### Required work
Using the records below, locate all lines containing "mechanical" and return them.

(Source data)
□ □ □
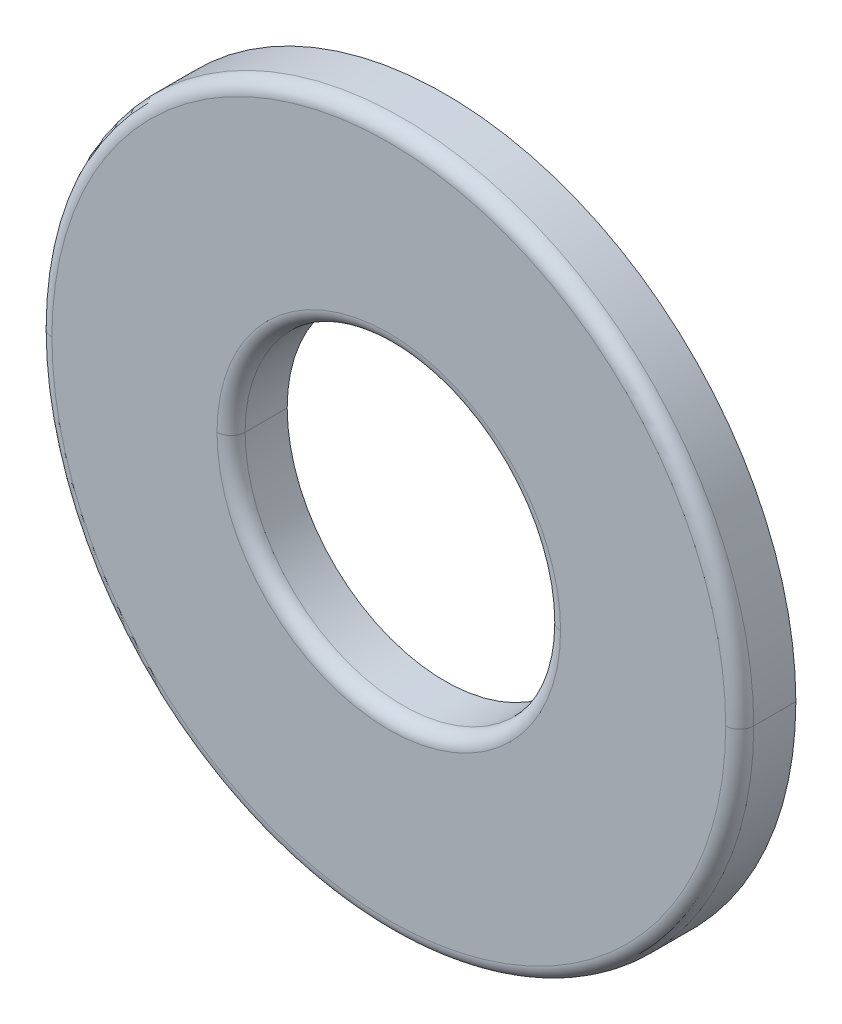
ISO-10303-21;
HEADER;
FILE_DESCRIPTION(('STEP AP214'),'2;1');
FILE_NAME('part.step','',(''),(''),'','','');
FILE_SCHEMA(('AUTOMOTIVE_DESIGN { 1 0 10303 214 1 1 1 1 }'));
ENDSEC;
DATA;
#1=APPLICATION_CONTEXT('core data for automotive mechanical design processes');
#2=APPLICATION_PROTOCOL_DEFINITION('international standard','automotive_design',2000,#1);
#3=PRODUCT_CONTEXT('',#1,'mechanical');
#4=PRODUCT('Part','Part','',(#3));
#5=PRODUCT_RELATED_PRODUCT_CATEGORY('part','',(#4));
#6=PRODUCT_DEFINITION_FORMATION('','',#4);
#7=PRODUCT_DEFINITION_CONTEXT('part definition',#1,'design');
#8=PRODUCT_DEFINITION('design','',#6,#7);
#9=PRODUCT_DEFINITION_SHAPE('','',#8);
#10=(LENGTH_UNIT() NAMED_UNIT(*) SI_UNIT(.MILLI.,.METRE.));
#11=(NAMED_UNIT(*) PLANE_ANGLE_UNIT() SI_UNIT($,.RADIAN.));
#12=(NAMED_UNIT(*) SI_UNIT($,.STERADIAN.) SOLID_ANGLE_UNIT());
#13=UNCERTAINTY_MEASURE_WITH_UNIT(LENGTH_MEASURE(1.E-05),#10,'distance_accuracy_value','');
#14=(GEOMETRIC_REPRESENTATION_CONTEXT(3) GLOBAL_UNCERTAINTY_ASSIGNED_CONTEXT((#13)) GLOBAL_UNIT_ASSIGNED_CONTEXT((#10,
#11,#12)) REPRESENTATION_CONTEXT('',''));
#15=CARTESIAN_POINT('',(0.,0.,0.));
#16=DIRECTION('',(0.,0.,1.));
#17=DIRECTION('',(1.,0.,0.));
#18=AXIS2_PLACEMENT_3D('',#15,#16,#17);
#19=CARTESIAN_POINT('',(0.,0.,0.3175));
#20=DIRECTION('',(0.,0.,1.));
#21=DIRECTION('',(1.,0.,0.));
#22=AXIS2_PLACEMENT_3D('',#19,#20,#21);
#23=TOROIDAL_SURFACE('',#22,3.8862,0.3175);
#24=CARTESIAN_POINT('',(-3.8862,0.,0.3175));
#25=DIRECTION('',(0.,1.,0.));
#26=DIRECTION('',(-1.,0.,0.));
#27=AXIS2_PLACEMENT_3D('',#24,#25,#26);
#28=CIRCLE('',#27,0.3175);
#29=CARTESIAN_POINT('',(-3.8862,0.,0.635));
#30=VERTEX_POINT('',#29);
#31=CARTESIAN_POINT('',(-3.5687,0.,0.3175));
#32=VERTEX_POINT('',#31);
#33=EDGE_CURVE('E100',#30,#32,#28,.T.);
#34=ORIENTED_EDGE('',*,*,#33,.F.);
#35=CARTESIAN_POINT('',(0.,0.,0.635));
#36=DIRECTION('',(0.,0.,-1.));
#37=DIRECTION('',(1.,0.,0.));
#38=AXIS2_PLACEMENT_3D('',#35,#36,#37);
#39=CIRCLE('',#38,3.8862);
#40=CARTESIAN_POINT('',(3.8862,0.,0.635));
#41=VERTEX_POINT('',#40);
#42=EDGE_CURVE('E85',#41,#30,#39,.T.);
#43=ORIENTED_EDGE('',*,*,#42,.F.);
#44=CARTESIAN_POINT('',(3.8862,0.,0.3175));
#45=DIRECTION('',(0.,-1.,0.));
#46=DIRECTION('',(0.,0.,-1.));
#47=AXIS2_PLACEMENT_3D('',#44,#45,#46);
#48=CIRCLE('',#47,0.3175);
#49=CARTESIAN_POINT('',(3.5687,0.,0.3175));
#50=VERTEX_POINT('',#49);
#51=EDGE_CURVE('E110',#41,#50,#48,.T.);
#52=ORIENTED_EDGE('',*,*,#51,.T.);
#53=CARTESIAN_POINT('',(0.,0.,0.3175));
#54=DIRECTION('',(0.,0.,1.));
#55=DIRECTION('',(1.,0.,0.));
#56=AXIS2_PLACEMENT_3D('',#53,#54,#55);
#57=CIRCLE('',#56,3.5687);
#58=EDGE_CURVE('E102',#32,#50,#57,.T.);
#59=ORIENTED_EDGE('',*,*,#58,.F.);
#60=EDGE_LOOP('',(#34,#43,#52,#59));
#61=FACE_BOUND('',#60,.T.);
#62=ADVANCED_FACE('F15',(#61),#23,.T.);
#63=CARTESIAN_POINT('',(0.,0.,0.3175));
#64=DIRECTION('',(0.,0.,1.));
#65=DIRECTION('',(1.,0.,0.));
#66=AXIS2_PLACEMENT_3D('',#63,#64,#65);
#67=TOROIDAL_SURFACE('',#66,7.62,0.3175);
#68=CARTESIAN_POINT('',(-7.62,0.,0.3175));
#69=DIRECTION('',(0.,1.,0.));
#70=DIRECTION('',(-1.,0.,0.));
#71=AXIS2_PLACEMENT_3D('',#68,#69,#70);
#72=CIRCLE('',#71,0.3175);
#73=CARTESIAN_POINT('',(-7.9375,0.,0.3175));
#74=VERTEX_POINT('',#73);
#75=CARTESIAN_POINT('',(-7.62,0.,0.635));
#76=VERTEX_POINT('',#75);
#77=EDGE_CURVE('E136',#74,#76,#72,.T.);
#78=ORIENTED_EDGE('',*,*,#77,.F.);
#79=CARTESIAN_POINT('',(0.,0.,0.3175));
#80=DIRECTION('',(0.,0.,-1.));
#81=DIRECTION('',(1.,0.,0.));
#82=AXIS2_PLACEMENT_3D('',#79,#80,#81);
#83=CIRCLE('',#82,7.9375);
#84=CARTESIAN_POINT('',(7.9375,0.,0.3175));
#85=VERTEX_POINT('',#84);
#86=EDGE_CURVE('E95',#85,#74,#83,.T.);
#87=ORIENTED_EDGE('',*,*,#86,.F.);
#88=CARTESIAN_POINT('',(7.62,0.,0.3175));
#89=DIRECTION('',(0.,-1.,0.));
#90=DIRECTION('',(0.,0.,-1.));
#91=AXIS2_PLACEMENT_3D('',#88,#89,#90);
#92=CIRCLE('',#91,0.3175);
#93=CARTESIAN_POINT('',(7.62,0.,0.635));
#94=VERTEX_POINT('',#93);
#95=EDGE_CURVE('E129',#85,#94,#92,.T.);
#96=ORIENTED_EDGE('',*,*,#95,.T.);
#97=CARTESIAN_POINT('',(0.,0.,0.635));
#98=DIRECTION('',(0.,0.,1.));
#99=DIRECTION('',(1.,0.,0.));
#100=AXIS2_PLACEMENT_3D('',#97,#98,#99);
#101=CIRCLE('',#100,7.62);
#102=EDGE_CURVE('E96',#76,#94,#101,.T.);
#103=ORIENTED_EDGE('',*,*,#102,.F.);
#104=EDGE_LOOP('',(#78,#87,#96,#103));
#105=FACE_BOUND('',#104,.T.);
#106=ADVANCED_FACE('F17',(#105),#67,.T.);
#107=CARTESIAN_POINT('',(0.,0.,-0.635));
#108=DIRECTION('',(0.,0.,1.));
#109=DIRECTION('',(1.,0.,0.));
#110=AXIS2_PLACEMENT_3D('',#107,#108,#109);
#111=PLANE('',#110);
#112=CARTESIAN_POINT('',(0.,0.,-0.635));
#113=DIRECTION('',(0.,0.,1.));
#114=DIRECTION('',(1.,0.,0.));
#115=AXIS2_PLACEMENT_3D('',#112,#113,#114);
#116=CIRCLE('',#115,3.5687);
#117=CARTESIAN_POINT('',(-3.5687,0.,-0.635));
#118=VERTEX_POINT('',#117);
#119=CARTESIAN_POINT('',(3.5687,0.,-0.635));
#120=VERTEX_POINT('',#119);
#121=EDGE_CURVE('E121',#118,#120,#116,.T.);
#122=ORIENTED_EDGE('',*,*,#121,.T.);
#123=CARTESIAN_POINT('',(0.,0.,-0.635));
#124=DIRECTION('',(0.,0.,1.));
#125=DIRECTION('',(1.,0.,0.));
#126=AXIS2_PLACEMENT_3D('',#123,#124,#125);
#127=CIRCLE('',#126,3.5687);
#128=EDGE_CURVE('E9',#120,#118,#127,.T.);
#129=ORIENTED_EDGE('',*,*,#128,.T.);
#130=EDGE_LOOP('',(#122,#129));
#131=FACE_BOUND('',#130,.T.);
#132=CARTESIAN_POINT('',(0.,0.,-0.635));
#133=DIRECTION('',(0.,0.,1.));
#134=DIRECTION('',(1.,0.,0.));
#135=AXIS2_PLACEMENT_3D('',#132,#133,#134);
#136=CIRCLE('',#135,7.9375);
#137=CARTESIAN_POINT('',(-7.9375,0.,-0.635));
#138=VERTEX_POINT('',#137);
#139=CARTESIAN_POINT('',(7.9375,0.,-0.635));
#140=VERTEX_POINT('',#139);
#141=EDGE_CURVE('E24',#138,#140,#136,.T.);
#142=ORIENTED_EDGE('',*,*,#141,.F.);
#143=CARTESIAN_POINT('',(0.,0.,-0.635));
#144=DIRECTION('',(0.,0.,1.));
#145=DIRECTION('',(1.,0.,0.));
#146=AXIS2_PLACEMENT_3D('',#143,#144,#145);
#147=CIRCLE('',#146,7.9375);
#148=EDGE_CURVE('E155',#140,#138,#147,.T.);
#149=ORIENTED_EDGE('',*,*,#148,.F.);
#150=EDGE_LOOP('',(#142,#149));
#151=FACE_BOUND('',#150,.T.);
#152=ADVANCED_FACE('F253',(#131,#151),#111,.F.);
#153=CARTESIAN_POINT('',(0.,0.,0.635));
#154=DIRECTION('',(0.,0.,-1.));
#155=DIRECTION('',(-1.,0.,0.));
#156=AXIS2_PLACEMENT_3D('',#153,#154,#155);
#157=CYLINDRICAL_SURFACE('',#156,3.5687);
#158=DIRECTION('',(0.,0.,-1.));
#159=VECTOR('',#158,1.);
#160=CARTESIAN_POINT('',(3.5687,0.,0.635));
#161=LINE('',#160,#159);
#162=EDGE_CURVE('E124',#50,#120,#161,.T.);
#163=ORIENTED_EDGE('',*,*,#162,.F.);
#164=CARTESIAN_POINT('',(0.,0.,0.3175));
#165=DIRECTION('',(0.,0.,1.));
#166=DIRECTION('',(1.,0.,0.));
#167=AXIS2_PLACEMENT_3D('',#164,#165,#166);
#168=CIRCLE('',#167,3.5687);
#169=EDGE_CURVE('E107',#50,#32,#168,.T.);
#170=ORIENTED_EDGE('',*,*,#169,.T.);
#171=DIRECTION('',(0.,0.,-1.));
#172=VECTOR('',#171,1.);
#173=CARTESIAN_POINT('',(-3.5687,0.,0.635));
#174=LINE('',#173,#172);
#175=EDGE_CURVE('E123',#32,#118,#174,.T.);
#176=ORIENTED_EDGE('',*,*,#175,.T.);
#177=ORIENTED_EDGE('',*,*,#128,.F.);
#178=EDGE_LOOP('',(#163,#170,#176,#177));
#179=FACE_BOUND('',#178,.T.);
#180=ADVANCED_FACE('F181',(#179),#157,.F.);
#181=CARTESIAN_POINT('',(0.,0.,0.635));
#182=DIRECTION('',(0.,0.,-1.));
#183=DIRECTION('',(-1.,0.,0.));
#184=AXIS2_PLACEMENT_3D('',#181,#182,#183);
#185=CYLINDRICAL_SURFACE('',#184,7.9375);
#186=DIRECTION('',(0.,0.,-1.));
#187=VECTOR('',#186,1.);
#188=CARTESIAN_POINT('',(7.9375,0.,0.635));
#189=LINE('',#188,#187);
#190=EDGE_CURVE('E151',#85,#140,#189,.T.);
#191=ORIENTED_EDGE('',*,*,#190,.F.);
#192=ORIENTED_EDGE('',*,*,#86,.T.);
#193=DIRECTION('',(0.,0.,-1.));
#194=VECTOR('',#193,1.);
#195=CARTESIAN_POINT('',(-7.9375,0.,0.635));
#196=LINE('',#195,#194);
#197=EDGE_CURVE('E128',#74,#138,#196,.T.);
#198=ORIENTED_EDGE('',*,*,#197,.T.);
#199=ORIENTED_EDGE('',*,*,#141,.T.);
#200=EDGE_LOOP('',(#191,#192,#198,#199));
#201=FACE_BOUND('',#200,.T.);
#202=ADVANCED_FACE('F176',(#201),#185,.T.);
#203=CARTESIAN_POINT('',(0.,0.,0.635));
#204=DIRECTION('',(0.,0.,1.));
#205=DIRECTION('',(1.,0.,0.));
#206=AXIS2_PLACEMENT_3D('',#203,#204,#205);
#207=PLANE('',#206);
#208=ORIENTED_EDGE('',*,*,#42,.T.);
#209=CARTESIAN_POINT('',(0.,0.,0.635));
#210=DIRECTION('',(0.,0.,-1.));
#211=DIRECTION('',(1.,0.,0.));
#212=AXIS2_PLACEMENT_3D('',#209,#210,#211);
#213=CIRCLE('',#212,3.8862);
#214=EDGE_CURVE('E90',#30,#41,#213,.T.);
#215=ORIENTED_EDGE('',*,*,#214,.T.);
#216=EDGE_LOOP('',(#208,#215));
#217=FACE_BOUND('',#216,.T.);
#218=CARTESIAN_POINT('',(0.,0.,0.635));
#219=DIRECTION('',(0.,0.,1.));
#220=DIRECTION('',(1.,0.,0.));
#221=AXIS2_PLACEMENT_3D('',#218,#219,#220);
#222=CIRCLE('',#221,7.62);
#223=EDGE_CURVE('E133',#94,#76,#222,.T.);
#224=ORIENTED_EDGE('',*,*,#223,.T.);
#225=ORIENTED_EDGE('',*,*,#102,.T.);
#226=EDGE_LOOP('',(#224,#225));
#227=FACE_BOUND('',#226,.T.);
#228=ADVANCED_FACE('F87',(#217,#227),#207,.T.);
#229=CARTESIAN_POINT('',(0.,0.,0.635));
#230=DIRECTION('',(0.,0.,-1.));
#231=DIRECTION('',(-1.,0.,0.));
#232=AXIS2_PLACEMENT_3D('',#229,#230,#231);
#233=CYLINDRICAL_SURFACE('',#232,7.9375);
#234=CARTESIAN_POINT('',(0.,0.,0.3175));
#235=DIRECTION('',(0.,0.,-1.));
#236=DIRECTION('',(1.,0.,0.));
#237=AXIS2_PLACEMENT_3D('',#234,#235,#236);
#238=CIRCLE('',#237,7.9375);
#239=EDGE_CURVE('E119',#74,#85,#238,.T.);
#240=ORIENTED_EDGE('',*,*,#239,.T.);
#241=ORIENTED_EDGE('',*,*,#190,.T.);
#242=ORIENTED_EDGE('',*,*,#148,.T.);
#243=ORIENTED_EDGE('',*,*,#197,.F.);
#244=EDGE_LOOP('',(#240,#241,#242,#243));
#245=FACE_BOUND('',#244,.T.);
#246=ADVANCED_FACE('F215',(#245),#233,.T.);
#247=CARTESIAN_POINT('',(0.,0.,0.635));
#248=DIRECTION('',(0.,0.,-1.));
#249=DIRECTION('',(-1.,0.,0.));
#250=AXIS2_PLACEMENT_3D('',#247,#248,#249);
#251=CYLINDRICAL_SURFACE('',#250,3.5687);
#252=ORIENTED_EDGE('',*,*,#58,.T.);
#253=ORIENTED_EDGE('',*,*,#162,.T.);
#254=ORIENTED_EDGE('',*,*,#121,.F.);
#255=ORIENTED_EDGE('',*,*,#175,.F.);
#256=EDGE_LOOP('',(#252,#253,#254,#255));
#257=FACE_BOUND('',#256,.T.);
#258=ADVANCED_FACE('F195',(#257),#251,.F.);
#259=CARTESIAN_POINT('',(0.,0.,0.3175));
#260=DIRECTION('',(0.,0.,1.));
#261=DIRECTION('',(1.,0.,0.));
#262=AXIS2_PLACEMENT_3D('',#259,#260,#261);
#263=TOROIDAL_SURFACE('',#262,7.62,0.3175);
#264=ORIENTED_EDGE('',*,*,#239,.F.);
#265=ORIENTED_EDGE('',*,*,#77,.T.);
#266=ORIENTED_EDGE('',*,*,#223,.F.);
#267=ORIENTED_EDGE('',*,*,#95,.F.);
#268=EDGE_LOOP('',(#264,#265,#266,#267));
#269=FACE_BOUND('',#268,.T.);
#270=ADVANCED_FACE('F190',(#269),#263,.T.);
#271=CARTESIAN_POINT('',(0.,0.,0.3175));
#272=DIRECTION('',(0.,0.,1.));
#273=DIRECTION('',(1.,0.,0.));
#274=AXIS2_PLACEMENT_3D('',#271,#272,#273);
#275=TOROIDAL_SURFACE('',#274,3.8862,0.3175);
#276=ORIENTED_EDGE('',*,*,#214,.F.);
#277=ORIENTED_EDGE('',*,*,#33,.T.);
#278=ORIENTED_EDGE('',*,*,#169,.F.);
#279=ORIENTED_EDGE('',*,*,#51,.F.);
#280=EDGE_LOOP('',(#276,#277,#278,#279));
#281=FACE_BOUND('',#280,.T.);
#282=ADVANCED_FACE('F109',(#281),#275,.T.);
#283=CLOSED_SHELL('',(#62,#106,#152,#180,#202,#228,#246,#258,#270,#282));
#284=MANIFOLD_SOLID_BREP('B1',#283);
#285=ADVANCED_BREP_SHAPE_REPRESENTATION('',(#18,#284),#14);
#286=SHAPE_DEFINITION_REPRESENTATION(#9,#285);
ENDSEC;
END-ISO-10303-21;
□ □ □
### Written solution
#1=APPLICATION_CONTEXT('core data for automotive mechanical design processes');
#3=PRODUCT_CONTEXT('',#1,'mechanical');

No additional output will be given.